▸ **Task goal**
If a line in the listing below has the string "circle", copy it out.

▸ **Material shown**
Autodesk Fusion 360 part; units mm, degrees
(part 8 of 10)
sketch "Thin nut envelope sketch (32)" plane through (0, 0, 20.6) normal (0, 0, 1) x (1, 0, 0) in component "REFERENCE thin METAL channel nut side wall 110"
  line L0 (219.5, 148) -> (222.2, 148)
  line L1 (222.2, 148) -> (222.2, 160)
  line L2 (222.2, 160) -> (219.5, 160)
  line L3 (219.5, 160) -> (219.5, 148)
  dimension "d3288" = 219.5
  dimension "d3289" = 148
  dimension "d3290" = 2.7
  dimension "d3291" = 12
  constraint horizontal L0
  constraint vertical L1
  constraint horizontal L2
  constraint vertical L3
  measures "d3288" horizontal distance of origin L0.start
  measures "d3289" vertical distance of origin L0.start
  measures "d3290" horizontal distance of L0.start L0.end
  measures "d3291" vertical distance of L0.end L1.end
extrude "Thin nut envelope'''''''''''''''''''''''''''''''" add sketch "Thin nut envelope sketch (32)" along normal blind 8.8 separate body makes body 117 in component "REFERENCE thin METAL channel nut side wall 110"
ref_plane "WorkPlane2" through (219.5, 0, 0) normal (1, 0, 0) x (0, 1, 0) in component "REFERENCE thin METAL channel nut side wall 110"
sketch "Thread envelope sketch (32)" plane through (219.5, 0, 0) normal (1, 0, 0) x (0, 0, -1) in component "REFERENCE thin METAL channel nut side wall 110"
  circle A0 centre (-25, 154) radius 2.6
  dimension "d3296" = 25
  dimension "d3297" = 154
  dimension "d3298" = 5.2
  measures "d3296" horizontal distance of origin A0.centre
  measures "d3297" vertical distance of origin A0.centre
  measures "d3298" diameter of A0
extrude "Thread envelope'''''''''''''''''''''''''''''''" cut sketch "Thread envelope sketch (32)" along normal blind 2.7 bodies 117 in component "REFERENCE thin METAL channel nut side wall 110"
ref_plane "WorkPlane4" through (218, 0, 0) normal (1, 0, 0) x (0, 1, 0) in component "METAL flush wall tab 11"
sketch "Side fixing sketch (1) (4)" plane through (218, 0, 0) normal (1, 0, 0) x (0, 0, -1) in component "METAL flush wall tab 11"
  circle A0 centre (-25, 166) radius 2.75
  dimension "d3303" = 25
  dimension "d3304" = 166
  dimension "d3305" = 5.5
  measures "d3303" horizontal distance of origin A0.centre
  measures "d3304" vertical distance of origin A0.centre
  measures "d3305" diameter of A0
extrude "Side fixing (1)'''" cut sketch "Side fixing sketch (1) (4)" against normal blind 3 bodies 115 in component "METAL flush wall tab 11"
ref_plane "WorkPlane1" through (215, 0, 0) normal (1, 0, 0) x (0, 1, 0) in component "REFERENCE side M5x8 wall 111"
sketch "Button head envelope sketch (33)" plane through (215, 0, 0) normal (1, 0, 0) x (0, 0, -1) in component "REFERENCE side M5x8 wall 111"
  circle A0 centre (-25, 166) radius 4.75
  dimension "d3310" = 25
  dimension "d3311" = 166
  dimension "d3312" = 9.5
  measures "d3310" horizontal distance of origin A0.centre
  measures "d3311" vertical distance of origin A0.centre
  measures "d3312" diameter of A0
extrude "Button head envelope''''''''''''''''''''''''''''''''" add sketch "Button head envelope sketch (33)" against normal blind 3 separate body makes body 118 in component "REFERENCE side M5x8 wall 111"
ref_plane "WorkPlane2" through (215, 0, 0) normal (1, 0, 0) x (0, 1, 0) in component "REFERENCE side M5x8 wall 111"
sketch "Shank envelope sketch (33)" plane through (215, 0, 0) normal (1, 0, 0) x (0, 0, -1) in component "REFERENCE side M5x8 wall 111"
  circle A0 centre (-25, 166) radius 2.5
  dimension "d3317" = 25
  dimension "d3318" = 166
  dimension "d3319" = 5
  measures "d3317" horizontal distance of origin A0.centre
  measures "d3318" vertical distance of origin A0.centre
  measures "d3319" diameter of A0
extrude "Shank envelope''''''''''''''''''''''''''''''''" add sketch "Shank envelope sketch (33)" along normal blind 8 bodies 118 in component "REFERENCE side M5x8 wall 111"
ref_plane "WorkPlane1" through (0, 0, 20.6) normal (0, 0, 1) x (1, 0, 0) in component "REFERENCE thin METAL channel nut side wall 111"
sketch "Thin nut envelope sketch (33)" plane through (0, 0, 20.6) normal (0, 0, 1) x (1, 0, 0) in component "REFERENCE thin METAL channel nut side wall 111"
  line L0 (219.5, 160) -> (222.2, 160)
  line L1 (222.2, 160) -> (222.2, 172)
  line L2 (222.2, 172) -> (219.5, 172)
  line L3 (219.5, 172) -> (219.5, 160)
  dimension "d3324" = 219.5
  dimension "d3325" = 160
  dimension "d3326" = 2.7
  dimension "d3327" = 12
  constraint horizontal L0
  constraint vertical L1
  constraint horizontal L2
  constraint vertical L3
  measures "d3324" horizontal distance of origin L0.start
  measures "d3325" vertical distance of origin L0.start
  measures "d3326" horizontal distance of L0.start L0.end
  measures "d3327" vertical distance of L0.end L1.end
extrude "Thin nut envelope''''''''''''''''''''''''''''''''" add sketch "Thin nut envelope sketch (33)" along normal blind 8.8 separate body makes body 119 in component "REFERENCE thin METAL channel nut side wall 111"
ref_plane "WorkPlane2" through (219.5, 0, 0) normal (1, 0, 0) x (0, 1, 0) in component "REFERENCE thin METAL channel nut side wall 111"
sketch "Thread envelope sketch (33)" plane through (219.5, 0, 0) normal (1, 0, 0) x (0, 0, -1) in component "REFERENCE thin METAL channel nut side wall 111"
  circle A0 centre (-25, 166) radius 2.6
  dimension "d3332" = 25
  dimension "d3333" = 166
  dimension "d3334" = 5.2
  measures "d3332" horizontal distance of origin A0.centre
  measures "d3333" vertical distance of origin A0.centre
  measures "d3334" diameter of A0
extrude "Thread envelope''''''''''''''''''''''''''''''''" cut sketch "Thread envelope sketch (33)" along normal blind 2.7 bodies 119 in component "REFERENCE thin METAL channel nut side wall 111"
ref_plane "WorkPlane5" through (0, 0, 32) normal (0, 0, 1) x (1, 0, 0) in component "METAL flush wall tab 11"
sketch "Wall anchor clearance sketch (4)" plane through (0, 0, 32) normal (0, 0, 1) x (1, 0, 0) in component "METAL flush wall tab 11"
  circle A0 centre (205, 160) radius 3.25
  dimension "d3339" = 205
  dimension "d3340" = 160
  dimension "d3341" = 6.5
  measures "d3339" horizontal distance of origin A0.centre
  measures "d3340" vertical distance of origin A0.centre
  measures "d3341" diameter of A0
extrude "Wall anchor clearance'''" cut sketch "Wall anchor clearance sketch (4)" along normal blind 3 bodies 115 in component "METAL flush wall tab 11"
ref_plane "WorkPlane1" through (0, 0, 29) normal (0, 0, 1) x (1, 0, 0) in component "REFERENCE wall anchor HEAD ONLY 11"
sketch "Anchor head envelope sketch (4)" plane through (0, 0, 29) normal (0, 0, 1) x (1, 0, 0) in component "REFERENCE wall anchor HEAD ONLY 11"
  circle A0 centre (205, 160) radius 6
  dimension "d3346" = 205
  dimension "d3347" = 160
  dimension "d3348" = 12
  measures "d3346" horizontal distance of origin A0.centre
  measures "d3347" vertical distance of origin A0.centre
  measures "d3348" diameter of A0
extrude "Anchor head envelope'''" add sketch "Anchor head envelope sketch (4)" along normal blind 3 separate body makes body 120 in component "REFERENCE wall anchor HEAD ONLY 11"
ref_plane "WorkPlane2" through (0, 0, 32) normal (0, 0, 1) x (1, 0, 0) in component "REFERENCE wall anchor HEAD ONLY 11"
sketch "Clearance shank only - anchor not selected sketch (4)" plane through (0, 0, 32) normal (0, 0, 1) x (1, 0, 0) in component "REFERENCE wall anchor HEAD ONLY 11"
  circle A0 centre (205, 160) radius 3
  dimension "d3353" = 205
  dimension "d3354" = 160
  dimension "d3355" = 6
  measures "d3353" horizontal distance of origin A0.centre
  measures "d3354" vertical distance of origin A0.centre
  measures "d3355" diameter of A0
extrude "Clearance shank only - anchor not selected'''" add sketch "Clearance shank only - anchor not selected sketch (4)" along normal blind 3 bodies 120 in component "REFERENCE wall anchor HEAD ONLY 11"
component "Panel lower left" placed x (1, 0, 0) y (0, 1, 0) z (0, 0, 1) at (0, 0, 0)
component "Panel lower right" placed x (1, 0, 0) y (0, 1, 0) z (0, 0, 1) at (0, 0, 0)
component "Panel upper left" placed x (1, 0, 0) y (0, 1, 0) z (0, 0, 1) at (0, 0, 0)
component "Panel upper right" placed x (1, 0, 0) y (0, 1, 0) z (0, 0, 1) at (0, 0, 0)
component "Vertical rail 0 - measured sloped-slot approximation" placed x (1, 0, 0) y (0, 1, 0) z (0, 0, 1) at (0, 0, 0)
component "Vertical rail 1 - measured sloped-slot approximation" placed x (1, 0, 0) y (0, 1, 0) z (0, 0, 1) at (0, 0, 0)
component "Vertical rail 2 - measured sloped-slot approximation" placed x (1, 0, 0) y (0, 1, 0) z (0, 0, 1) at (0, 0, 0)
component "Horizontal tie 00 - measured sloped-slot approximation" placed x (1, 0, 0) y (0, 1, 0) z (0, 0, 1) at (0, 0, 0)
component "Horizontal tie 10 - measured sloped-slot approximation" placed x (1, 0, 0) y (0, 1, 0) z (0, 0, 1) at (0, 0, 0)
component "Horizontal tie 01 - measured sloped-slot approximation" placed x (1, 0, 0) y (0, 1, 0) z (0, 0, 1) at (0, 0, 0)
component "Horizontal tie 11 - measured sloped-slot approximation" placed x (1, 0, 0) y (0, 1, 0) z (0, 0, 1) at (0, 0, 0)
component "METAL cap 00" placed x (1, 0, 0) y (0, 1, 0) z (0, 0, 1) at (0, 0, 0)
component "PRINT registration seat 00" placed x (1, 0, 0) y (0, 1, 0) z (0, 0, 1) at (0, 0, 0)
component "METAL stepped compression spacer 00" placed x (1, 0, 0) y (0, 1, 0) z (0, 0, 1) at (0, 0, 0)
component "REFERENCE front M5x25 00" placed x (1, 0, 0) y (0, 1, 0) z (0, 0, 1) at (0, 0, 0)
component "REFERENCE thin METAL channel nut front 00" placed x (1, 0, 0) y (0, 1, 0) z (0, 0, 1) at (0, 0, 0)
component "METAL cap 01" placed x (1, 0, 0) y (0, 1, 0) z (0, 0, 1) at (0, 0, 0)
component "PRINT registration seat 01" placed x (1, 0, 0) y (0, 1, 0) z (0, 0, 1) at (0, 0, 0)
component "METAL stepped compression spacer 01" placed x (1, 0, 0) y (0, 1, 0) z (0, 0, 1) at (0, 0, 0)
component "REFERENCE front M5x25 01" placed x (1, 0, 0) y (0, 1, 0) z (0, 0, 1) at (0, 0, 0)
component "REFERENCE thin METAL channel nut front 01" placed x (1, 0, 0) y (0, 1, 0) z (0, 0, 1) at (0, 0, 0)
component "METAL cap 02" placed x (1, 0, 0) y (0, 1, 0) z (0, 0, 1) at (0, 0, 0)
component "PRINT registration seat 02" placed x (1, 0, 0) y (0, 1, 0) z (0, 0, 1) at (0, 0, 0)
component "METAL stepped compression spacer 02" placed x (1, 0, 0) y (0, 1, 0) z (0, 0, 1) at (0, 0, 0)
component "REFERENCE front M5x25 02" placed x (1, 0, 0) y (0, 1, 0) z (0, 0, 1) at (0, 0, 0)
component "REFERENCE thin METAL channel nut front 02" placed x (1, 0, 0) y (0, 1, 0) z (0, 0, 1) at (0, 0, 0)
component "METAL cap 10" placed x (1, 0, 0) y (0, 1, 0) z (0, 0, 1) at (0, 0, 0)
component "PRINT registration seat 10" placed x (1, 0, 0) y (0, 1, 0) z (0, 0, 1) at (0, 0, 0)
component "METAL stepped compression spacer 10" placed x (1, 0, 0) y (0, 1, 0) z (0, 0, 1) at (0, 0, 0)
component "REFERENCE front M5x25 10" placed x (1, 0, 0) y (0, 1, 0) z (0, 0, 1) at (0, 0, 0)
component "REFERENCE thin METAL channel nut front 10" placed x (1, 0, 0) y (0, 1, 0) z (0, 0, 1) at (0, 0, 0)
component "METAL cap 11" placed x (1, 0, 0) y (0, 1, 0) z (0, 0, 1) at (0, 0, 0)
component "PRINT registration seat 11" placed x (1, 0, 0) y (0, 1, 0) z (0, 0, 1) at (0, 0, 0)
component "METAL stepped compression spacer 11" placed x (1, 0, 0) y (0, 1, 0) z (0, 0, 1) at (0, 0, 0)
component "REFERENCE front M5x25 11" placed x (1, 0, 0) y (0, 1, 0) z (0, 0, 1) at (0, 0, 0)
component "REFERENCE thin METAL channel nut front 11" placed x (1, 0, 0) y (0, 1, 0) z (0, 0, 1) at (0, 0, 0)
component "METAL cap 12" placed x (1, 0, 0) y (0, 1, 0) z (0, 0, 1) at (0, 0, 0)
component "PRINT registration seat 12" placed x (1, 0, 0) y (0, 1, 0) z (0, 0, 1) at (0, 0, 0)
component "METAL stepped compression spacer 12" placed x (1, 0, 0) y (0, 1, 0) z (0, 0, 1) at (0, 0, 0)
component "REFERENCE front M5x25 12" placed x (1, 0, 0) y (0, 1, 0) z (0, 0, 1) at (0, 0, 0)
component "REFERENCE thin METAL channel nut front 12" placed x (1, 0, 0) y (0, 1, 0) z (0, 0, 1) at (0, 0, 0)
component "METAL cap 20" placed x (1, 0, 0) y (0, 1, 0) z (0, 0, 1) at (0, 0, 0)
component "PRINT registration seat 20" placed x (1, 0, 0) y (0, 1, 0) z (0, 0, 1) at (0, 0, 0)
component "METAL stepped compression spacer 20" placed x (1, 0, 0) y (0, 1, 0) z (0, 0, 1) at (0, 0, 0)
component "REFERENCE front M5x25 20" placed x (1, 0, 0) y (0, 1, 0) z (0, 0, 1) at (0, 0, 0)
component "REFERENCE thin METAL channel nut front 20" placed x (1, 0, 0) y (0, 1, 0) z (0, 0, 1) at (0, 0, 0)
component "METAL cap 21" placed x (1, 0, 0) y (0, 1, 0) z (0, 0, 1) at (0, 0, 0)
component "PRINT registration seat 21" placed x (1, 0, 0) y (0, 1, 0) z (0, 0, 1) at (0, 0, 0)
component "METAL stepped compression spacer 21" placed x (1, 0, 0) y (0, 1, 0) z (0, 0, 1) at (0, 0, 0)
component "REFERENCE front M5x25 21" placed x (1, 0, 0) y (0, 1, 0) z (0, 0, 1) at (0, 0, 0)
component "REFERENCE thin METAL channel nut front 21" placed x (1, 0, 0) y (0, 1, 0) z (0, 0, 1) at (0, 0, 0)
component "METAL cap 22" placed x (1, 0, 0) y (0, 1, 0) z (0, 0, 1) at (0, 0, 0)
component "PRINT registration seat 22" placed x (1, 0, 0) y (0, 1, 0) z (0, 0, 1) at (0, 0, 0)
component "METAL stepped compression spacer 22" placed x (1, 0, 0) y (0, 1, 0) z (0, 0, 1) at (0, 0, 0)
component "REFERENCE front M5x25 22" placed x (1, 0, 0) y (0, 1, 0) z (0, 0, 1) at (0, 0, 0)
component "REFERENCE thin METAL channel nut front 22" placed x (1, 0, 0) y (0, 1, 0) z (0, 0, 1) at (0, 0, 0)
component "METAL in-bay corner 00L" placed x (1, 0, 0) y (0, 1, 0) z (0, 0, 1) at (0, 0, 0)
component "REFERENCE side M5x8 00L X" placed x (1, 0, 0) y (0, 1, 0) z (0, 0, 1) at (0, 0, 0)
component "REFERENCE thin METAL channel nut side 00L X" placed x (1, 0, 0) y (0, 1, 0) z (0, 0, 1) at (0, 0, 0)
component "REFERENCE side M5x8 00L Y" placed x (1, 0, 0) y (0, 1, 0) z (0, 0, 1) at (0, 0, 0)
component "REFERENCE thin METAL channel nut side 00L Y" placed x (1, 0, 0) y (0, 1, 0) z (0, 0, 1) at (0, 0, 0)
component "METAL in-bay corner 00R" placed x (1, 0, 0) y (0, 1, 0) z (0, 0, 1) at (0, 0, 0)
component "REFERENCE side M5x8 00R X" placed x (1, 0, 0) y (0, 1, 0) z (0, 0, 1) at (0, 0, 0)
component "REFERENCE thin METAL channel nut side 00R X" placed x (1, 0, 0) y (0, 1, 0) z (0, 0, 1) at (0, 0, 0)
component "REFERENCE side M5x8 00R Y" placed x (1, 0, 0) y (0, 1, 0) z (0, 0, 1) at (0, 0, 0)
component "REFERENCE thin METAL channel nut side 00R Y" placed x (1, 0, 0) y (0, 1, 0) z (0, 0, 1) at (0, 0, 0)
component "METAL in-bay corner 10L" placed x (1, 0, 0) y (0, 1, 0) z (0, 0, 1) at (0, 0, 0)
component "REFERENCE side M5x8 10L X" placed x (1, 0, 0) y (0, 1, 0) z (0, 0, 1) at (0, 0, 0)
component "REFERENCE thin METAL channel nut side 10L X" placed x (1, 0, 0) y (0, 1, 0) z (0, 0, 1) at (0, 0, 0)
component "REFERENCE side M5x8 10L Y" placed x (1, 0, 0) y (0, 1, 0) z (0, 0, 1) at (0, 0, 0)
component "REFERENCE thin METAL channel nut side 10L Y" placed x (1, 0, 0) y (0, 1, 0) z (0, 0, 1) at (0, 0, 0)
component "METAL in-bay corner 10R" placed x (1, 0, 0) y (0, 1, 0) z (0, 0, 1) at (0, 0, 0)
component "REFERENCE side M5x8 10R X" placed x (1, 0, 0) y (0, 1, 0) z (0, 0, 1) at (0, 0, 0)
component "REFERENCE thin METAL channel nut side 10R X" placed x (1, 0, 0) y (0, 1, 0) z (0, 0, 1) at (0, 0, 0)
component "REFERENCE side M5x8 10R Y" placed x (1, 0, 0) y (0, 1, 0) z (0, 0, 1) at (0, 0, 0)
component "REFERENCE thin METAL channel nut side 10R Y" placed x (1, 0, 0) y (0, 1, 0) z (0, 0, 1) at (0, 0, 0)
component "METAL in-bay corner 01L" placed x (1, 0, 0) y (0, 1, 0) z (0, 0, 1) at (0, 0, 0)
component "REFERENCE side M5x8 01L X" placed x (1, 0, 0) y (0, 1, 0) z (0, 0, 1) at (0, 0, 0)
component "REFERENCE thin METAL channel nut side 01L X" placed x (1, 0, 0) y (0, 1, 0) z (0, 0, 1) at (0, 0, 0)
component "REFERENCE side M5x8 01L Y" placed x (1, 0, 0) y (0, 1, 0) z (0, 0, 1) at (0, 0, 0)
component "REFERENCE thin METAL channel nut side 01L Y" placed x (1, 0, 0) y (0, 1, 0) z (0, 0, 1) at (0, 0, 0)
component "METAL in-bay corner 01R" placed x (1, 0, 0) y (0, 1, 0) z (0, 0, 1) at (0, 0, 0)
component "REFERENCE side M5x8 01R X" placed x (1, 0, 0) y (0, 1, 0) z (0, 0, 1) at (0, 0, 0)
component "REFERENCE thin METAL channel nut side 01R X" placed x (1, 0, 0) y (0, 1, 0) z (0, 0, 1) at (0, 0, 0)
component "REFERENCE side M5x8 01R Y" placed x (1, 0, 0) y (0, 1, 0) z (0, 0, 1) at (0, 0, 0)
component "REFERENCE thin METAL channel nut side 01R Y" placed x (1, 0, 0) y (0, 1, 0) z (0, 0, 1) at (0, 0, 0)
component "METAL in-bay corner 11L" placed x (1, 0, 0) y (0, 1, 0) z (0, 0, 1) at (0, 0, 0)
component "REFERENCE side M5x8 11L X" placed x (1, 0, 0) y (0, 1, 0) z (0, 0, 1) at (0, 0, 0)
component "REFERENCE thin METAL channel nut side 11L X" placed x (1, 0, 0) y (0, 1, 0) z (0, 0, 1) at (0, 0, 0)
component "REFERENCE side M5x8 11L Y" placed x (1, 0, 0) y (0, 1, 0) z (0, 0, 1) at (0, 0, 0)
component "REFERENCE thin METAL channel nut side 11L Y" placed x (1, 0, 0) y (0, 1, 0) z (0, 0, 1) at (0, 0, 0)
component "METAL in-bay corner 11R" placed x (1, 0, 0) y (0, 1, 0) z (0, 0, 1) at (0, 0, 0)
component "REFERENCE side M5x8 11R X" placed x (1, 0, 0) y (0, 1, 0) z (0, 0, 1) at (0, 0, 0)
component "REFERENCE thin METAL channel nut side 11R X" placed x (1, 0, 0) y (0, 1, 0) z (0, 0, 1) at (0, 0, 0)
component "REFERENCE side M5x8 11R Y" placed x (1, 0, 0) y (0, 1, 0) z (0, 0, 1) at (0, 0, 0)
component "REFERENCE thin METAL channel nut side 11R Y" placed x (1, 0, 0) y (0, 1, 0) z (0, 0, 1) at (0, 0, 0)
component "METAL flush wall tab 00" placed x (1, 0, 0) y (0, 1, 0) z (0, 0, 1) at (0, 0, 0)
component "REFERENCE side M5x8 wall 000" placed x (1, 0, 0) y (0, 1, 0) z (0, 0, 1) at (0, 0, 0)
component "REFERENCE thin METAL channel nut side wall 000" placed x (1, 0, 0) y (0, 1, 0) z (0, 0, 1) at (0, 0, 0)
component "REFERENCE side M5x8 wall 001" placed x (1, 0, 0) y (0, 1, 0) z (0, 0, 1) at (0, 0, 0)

▸ **Solution to this exercise**
  circle A0 centre (-25, 154) radius 2.6
  circle A0 centre (-25, 166) radius 2.75
  circle A0 centre (-25, 166) radius 4.75
  circle A0 centre (-25, 166) radius 2.5
  circle A0 centre (-25, 166) radius 2.6
  circle A0 centre (205, 160) radius 3.25
  circle A0 centre (205, 160) radius 6
  circle A0 centre (205, 160) radius 3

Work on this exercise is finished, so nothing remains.